The proof should use induction.

Definition: $$0 + n = n$$ for $$n$$ is a natural number ($$0$$ is also natural number)

Addition definition: $$(n++)+m = (n+m)++$$ where $$n++$$ is increment in n

Lemma 2.2.2: $$n + 0 = n$$

Lemma 2.2.3: $$n+(m++)=(n+m)++$$

Proposition 2.2.4: $$n+m = m+n$$

So my humble attempt is (as I am not really good at math..)

Proof:

To show $$(a+b)+c = a+(b+c)$$

For case = $$0$$ and if we fix $$a$$ and $$b$$ and increment $$c$$

(1) We want to show: $$(a+b)+0 = a+(b+0)$$.

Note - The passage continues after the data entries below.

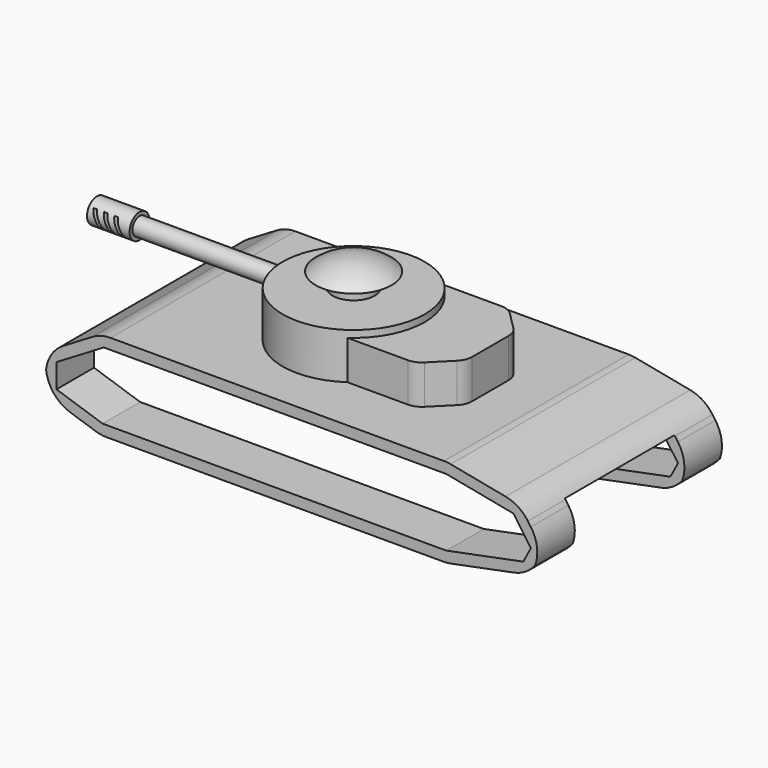
from build123d import *

# Parameters (mm, degrees)
F1_DEPTH      = 32.5
F0_W          = 5.9106643312
F0_H          = 4.1622407734
F5_R          = 2.5
F6_DEPTH      = 65.3
F8_R          = 3.5
F8_R_2        = 1.9092401518
F9_DEPTH      = 12
F12_DEPTH     = 12.5
F13_DEPTH     = 59.6
F14_T1_DEPTH  = 78.7900561948
F14_T3_DEPTH  = 93.3821225166
F14_T5_DEPTH  = 101.1499908241
F14_T7_DEPTH  = 73.0383114632
F14_T9_DEPTH  = 69.9303599295
F14_T11_DEPTH = 88.6692573472
F14_T13_DEPTH = 95.8474480124
F14_T15_DEPTH = 85.0967001073
F14_T17_DEPTH = 69.7853101798
F16_DEPTH     = 65.001
F17_W         = 38.5783538222
F17_H         = 35.981696099
F18_DEPTH     = 80
F21_DEPTH     = 13.5
F22_SIZE      = 8
F23_R         = 5


# Not quite as in the source:
# - a fillet or chamfer that OpenCascade refuses, or shapes differently, is made with other operations: its cross-section is extruded or revolved along the edge and cut away or added


with BuildPart() as f1:
    # F0 (on Front) → F1 (new body, symmetric)
    with BuildSketch(Plane.XZ):
        Polygon((-45.1924055815, 0), (0, 0), (52.3890219629, 0), (75.743816793, 4.6511264518), (79.4435888529, 11.5881953388), (72.7377533913, 21.0688542575), (52.3890219629, 24.9998606741), (20.0160350651, 24.9998606741), (0, 24.9998606741), (-20.0160350651, 24.9998606741), (-45.1924055815, 24.9998606741), (-60.6851913035, 15.7504361123), (-60.6851913035, 5.1135984249), align=None)
    extrude(amount=F1_DEPTH, both=True)

    # F0 (on Front) → F2 (revolve)
    with BuildSketch(Plane.XZ):
        Polygon((0, 24.9998606741), (20.0160350651, 24.9998606741), (20.0160350651, 37.9490554333), (5.9106643312, 37.9490554333), (5.9106643312, 33.7868146598), (0, 33.7868146598), align=None)
        with Locations((2.9553321656, 35.8679350466)):
            Rectangle(F0_W, F0_H)
    revolve(axis=Axis((0, 0, 31.4744580537), (0, 0, -1)))

    # F0 (on Front) → F3 (revolve)
    with BuildSketch(Plane.XZ):
        with Locations((2.9553321656, 40.03017582)):
            Rectangle(F0_W, F0_H)
    revolve(axis=Axis((0, 0, 40.03017582), (0, 0, -1)))

    # F0 (on Front) → F4 (revolve)
    with BuildSketch(Plane.XZ):
        with BuildLine():
            Line((0, 42.1112962067), (5.9106643312, 42.1112962067))
            Line((5.9106643312, 42.1112962067), (10.6915488715, 42.1112962067))
            ThreePointArc((10.6915488715, 42.1112962067), (5.6799749875, 44.9003117854), (0, 45.6955254889))
            Line((0, 45.6955254889), (0, 42.1112962067))
        make_face()
    revolve(axis=Axis((0, 0, 44.0255403519), (0, 0, 1)))

    # F5 (on Right) → F6 (join)
    with BuildSketch(Plane.YZ):
        with Locations((0, 33.6981996664)):
            Circle(F5_R)
    extrude(amount=-F6_DEPTH)

    # F8 (on offset) → F9 (join)
    with BuildSketch(Plane(origin=(-72.3, 0, 0), x_dir=(0, -1, 0), z_dir=(-1, 0, 0))):
        with Locations((0, 33.6981996664)):
            Circle(F8_R)
        with Locations((0, 33.6981996664)):
            Circle(F8_R_2, mode=Mode.SUBTRACT)
    extrude(amount=-F9_DEPTH)

    # F11 (on face) → F12 (cut, symmetric)
    with BuildSketch(Plane.XZ):
        Polygon((-68.1971950683, 31.44), (-70.0017480406, 35.8125706637), (-71.008284801, 35.8125706637), (-69.2037318287, 31.44), align=None)
        Polygon((-65.27, 31.44), (-67.0745529723, 35.8125706637), (-68.0810897328, 35.8125706637), (-66.2765367604, 31.44), align=None)
        Polygon((-62.3428049317, 31.44), (-64.1473579041, 35.8125706637), (-65.1538946645, 35.8125706637), (-63.3493416922, 31.44), align=None)
    extrude(amount=F12_DEPTH, both=True, mode=Mode.SUBTRACT)

    # F8 (on offset) → F13 (cut)
    with BuildSketch(Plane(origin=(-72.3, 0, 0), x_dir=(0, -1, 0), z_dir=(-1, 0, 0))):
        with Locations((0, 33.6981996664)):
            Circle(F8_R_2)
    extrude(amount=-F13_DEPTH, mode=Mode.SUBTRACT)

    # F14: fillet of radius 10 on 9 edges, made by hand

    # F14_s2 → F14_t1 (cut)
    with BuildSketch(Plane.XZ.offset(-39.3950280974)):
        with BuildLine():
            ThreePointArc((-42.4343943425, 24.9998606741), (-45.0931383524, 24.6399374524), (-47.5604936203, 23.5860767321))
            Line((-47.5604936203, 23.5860767321), (-45.1924055815, 24.9998606741))
            Line((-45.1924055815, 24.9998606741), (-42.4343943425, 24.9998606741))
        make_face()
    extrude(amount=F14_T1_DEPTH, mode=Mode.SUBTRACT)

    # F14_s4 → F14_t3 (cut)
    with BuildSketch(Plane.XZ.offset(-46.6910612583)):
        with BuildLine():
            ThreePointArc((-60.6851913035, 10.074011609), (-59.3817708834, 15.0105593512), (-55.8112905813, 18.660227667))
            Line((-55.8112905813, 18.660227667), (-60.6851913035, 15.7504361123))
            Line((-60.6851913035, 15.7504361123), (-60.6851913035, 10.074011609))
        make_face()
    extrude(amount=F14_T3_DEPTH, mode=Mode.SUBTRACT)

    # F14_s6 → F14_t5 (cut)
    with BuildSketch(Plane.XZ.offset(-50.5749954121)):
        with BuildLine():
            ThreePointArc((-53.819507052, 2.847488714), (-58.788991569, 6.484550485), (-60.6851913035, 12.3435965898))
            Line((-60.6851913035, 12.3435965898), (-60.6851913035, 5.1135984249))
            Line((-60.6851913035, 5.1135984249), (-53.819507052, 2.847488714))
        make_face()
    extrude(amount=F14_T5_DEPTH, mode=Mode.SUBTRACT)

    # F14_s8 → F14_t7 (cut)
    with BuildSketch(Plane.XZ.offset(-36.5191557316)):
        with BuildLine():
            ThreePointArc((-43.5847432888, 0), (-45.172024178, 0.126776647), (-46.7190590373, 0.5038921242))
            Line((-46.7190590373, 0.5038921242), (-45.1924055815, 0))
            Line((-45.1924055815, 0), (-43.5847432888, 0))
        make_face()
    extrude(amount=F14_T7_DEPTH, mode=Mode.SUBTRACT)

    # F14_s10 → F14_t9 (cut)
    with BuildSketch(Plane.XZ.offset(-34.9651799647)):
        with BuildLine():
            ThreePointArc((53.3561027034, 0.1925949188), (52.3842626661, 0.0482652062), (51.402949977, 0))
            Line((51.402949977, 0), (52.3890219629, 0))
            Line((52.3890219629, 0), (53.3561027034, 0.1925949188))
        make_face()
    extrude(amount=F14_T9_DEPTH, mode=Mode.SUBTRACT)

    # F14_s12 → F14_t11 (cut)
    with BuildSketch(Plane.XZ.offset(-44.3346286736)):
        with BuildLine():
            ThreePointArc((77.9715125335, 8.8280537222), (75.1095772753, 5.505276407), (71.1011368974, 3.7265329614))
            Line((71.1011368974, 3.7265329614), (75.743816793, 4.6511264518))
            Line((75.743816793, 4.6511264518), (77.9715125335, 8.8280537222))
        make_face()
    extrude(amount=F14_T11_DEPTH, mode=Mode.SUBTRACT)

    # F14_s14 → F14_t13 (cut)
    with BuildSketch(Plane.XZ.offset(-47.9237240062)):
        with BuildLine():
            ThreePointArc((75.8809250083, 16.6250622505), (77.6970376868, 11.4783126325), (76.5402984143, 6.1445286899))
            Line((76.5402984143, 6.1445286899), (79.4435888529, 11.5881953388))
            Line((79.4435888529, 11.5881953388), (75.8809250083, 16.6250622505))
        make_face()
    extrude(amount=F14_T13_DEPTH, mode=Mode.SUBTRACT)

    # F14_s16 → F14_t15 (cut)
    with BuildSketch(Plane.XZ.offset(-42.5483500536)):
        with BuildLine():
            ThreePointArc((68.7913767646, 21.8312227568), (72.3162104373, 20.4155165159), (75.0587812714, 17.7874027817))
            Line((75.0587812714, 17.7874027817), (72.7377533913, 21.0688542575))
            Line((72.7377533913, 21.0688542575), (68.7913767646, 21.8312227568))
        make_face()
    extrude(amount=F14_T15_DEPTH, mode=Mode.SUBTRACT)

    # F14_s18 → F14_t17 (cut)
    with BuildSketch(Plane.XZ.offset(-34.8926550899)):
        with BuildLine():
            ThreePointArc((51.4319599269, 24.9998606741), (52.3846686566, 24.9543745285), (53.3287103766, 24.8183298894))
            Line((53.3287103766, 24.8183298894), (52.3890219629, 24.9998606741))
            Line((52.3890219629, 24.9998606741), (51.4319599269, 24.9998606741))
        make_face()
    extrude(amount=F14_T17_DEPTH, mode=Mode.SUBTRACT)

    # F15 (on face) → F16 (cut, through all)
    with BuildSketch(Plane(origin=(0, 32.5, 0), x_dir=(-1, 0, 0), z_dir=(0, 1, 0))):
        Polygon((-75.9255432126, 11.3668606403), (-73.7650670064, 7.315969929), (-52.0932003671, 3), (0, 3), (44.7101068937, 3), (57.6851913035, 7.2825978744), (57.6851913035, 14.0475087613), (44.3650022098, 21.9998606741), (0, 21.9998606741), (-52.1019033521, 21.9998606741), (-70.9848152684, 18.3520240427), align=None)
    extrude(amount=-F16_DEPTH, mode=Mode.SUBTRACT)

    # F17 (on Right) → F18 (cut, symmetric)
    with BuildSketch(Plane.YZ):
        Rectangle(F17_W, F17_H)
    extrude(amount=F18_DEPTH, both=True, mode=Mode.SUBTRACT)

    # F20 (on offset) → F21 (join, symmetric)
    with BuildSketch(Plane.YZ.offset(25)):
        Polygon((-16.4748225361, 24.9998606741), (0, 24.9998606741), (16.4748225361, 24.9998606741), (16.4748225361, 36.0052287579), (0, 36.0052287579), (-16.4748225361, 36.0052287579), align=None)
    extrude(amount=F21_DEPTH, both=True)

    # F22
    f22_edges = [f1.edges().sort_by_distance(p)[0] for p in [
        (38.5, 16.474823, 30.502545),
        (38.5, -16.474823, 30.502545),
    ]]
    chamfer(f22_edges, length=F22_SIZE)

    # F23
    f23_edges = [f1.edges().sort_by_distance(p)[0] for p in [
        (38.5, -8.474823, 30.502545),
        (30.5, -16.474823, 30.502545),
        (38.5, 8.474823, 30.502545),
        (30.5, 16.474823, 30.502545),
    ]]
    fillet(f23_edges, radius=F23_R)


solid = f1.part

The left hand side is $$(a+b)+0 = a+b$$ using Lemma 2.2.2 and view $$(a+b)$$ as an entity | Right hand side is $$a+(b+0) = a + b$$ also using Lemma 2.2.2 in the fact that $$(b+0) = b$$

So case $$0$$ is proved.

(2) Use induction to show for case $$n$$ this is true

For case = $$1$$: Show $$(a+b)+1 = a+(b+1)$$

Left hand side is $$(a+b)+1 = (a+b)++$$ by definition of Natural Numbers increment if we view $$(a+b)$$ as an entity and $$(a+b)+1$$ is $$1$$ increment of it

Right hand side is $$a + (b+1) = a + (b++) \dfrac{=}{Lemma 2.2.3} (a+b)++$$

So $$(a+b)+1 = (a+b)++ = a+(b+1)$$

For case = $$2$$: Show $$(a+b)+2 = a+(b+2)$$

Left hand side is $$(a+b)+2 = ((a+b)++)++$$ by definition of Natural Numbers increment if we view $$(a+b)$$ as an entity and $$(a+b)+2$$ is $$2$$ increments of it

Right hand side is $$a + (b+2) = a + (b+1)++ = (a+b+1)++ = (a+b++)++ = ((a+b)++)++$$ if keep applying Lemma 2.2.3

So $$(a+b)+2 = ((a+b)++)++ = a+(b+2)$$

$$\vdots$$

For case = $$n$$: Show $$(a+b)+n = a+(b+n)$$

Left hand side is $$(a+b)+n = (((a+b)++)++)\cdots)++$$ by definition of Natural Numbers increment if we view $$(a+b)$$ as an entity and $$(a+b)+n$$ is $$n$$ increments of it where there are $$n$$ signs of $$++$$

Right hand side is $$a + (b+n) = a + (b+(n-1)++) = a + (b+n-1)++ = a + (b+ (n-2)++)++ = a + ((b + (n-2))++)++ = \cdots = ((((a + b)++)++)\cdots)++$$ if keep applying Lemma 2.2.3, and there are $$n$$ signs of $$++$$

So $$(a+b)+n = ((((a + b)++)++)\cdots)++ = a+(b+n)$$

So we know for case = $$n$$ this is also True

(3) Now we only need to show for case = $$n+1$$ is True to complete the induction.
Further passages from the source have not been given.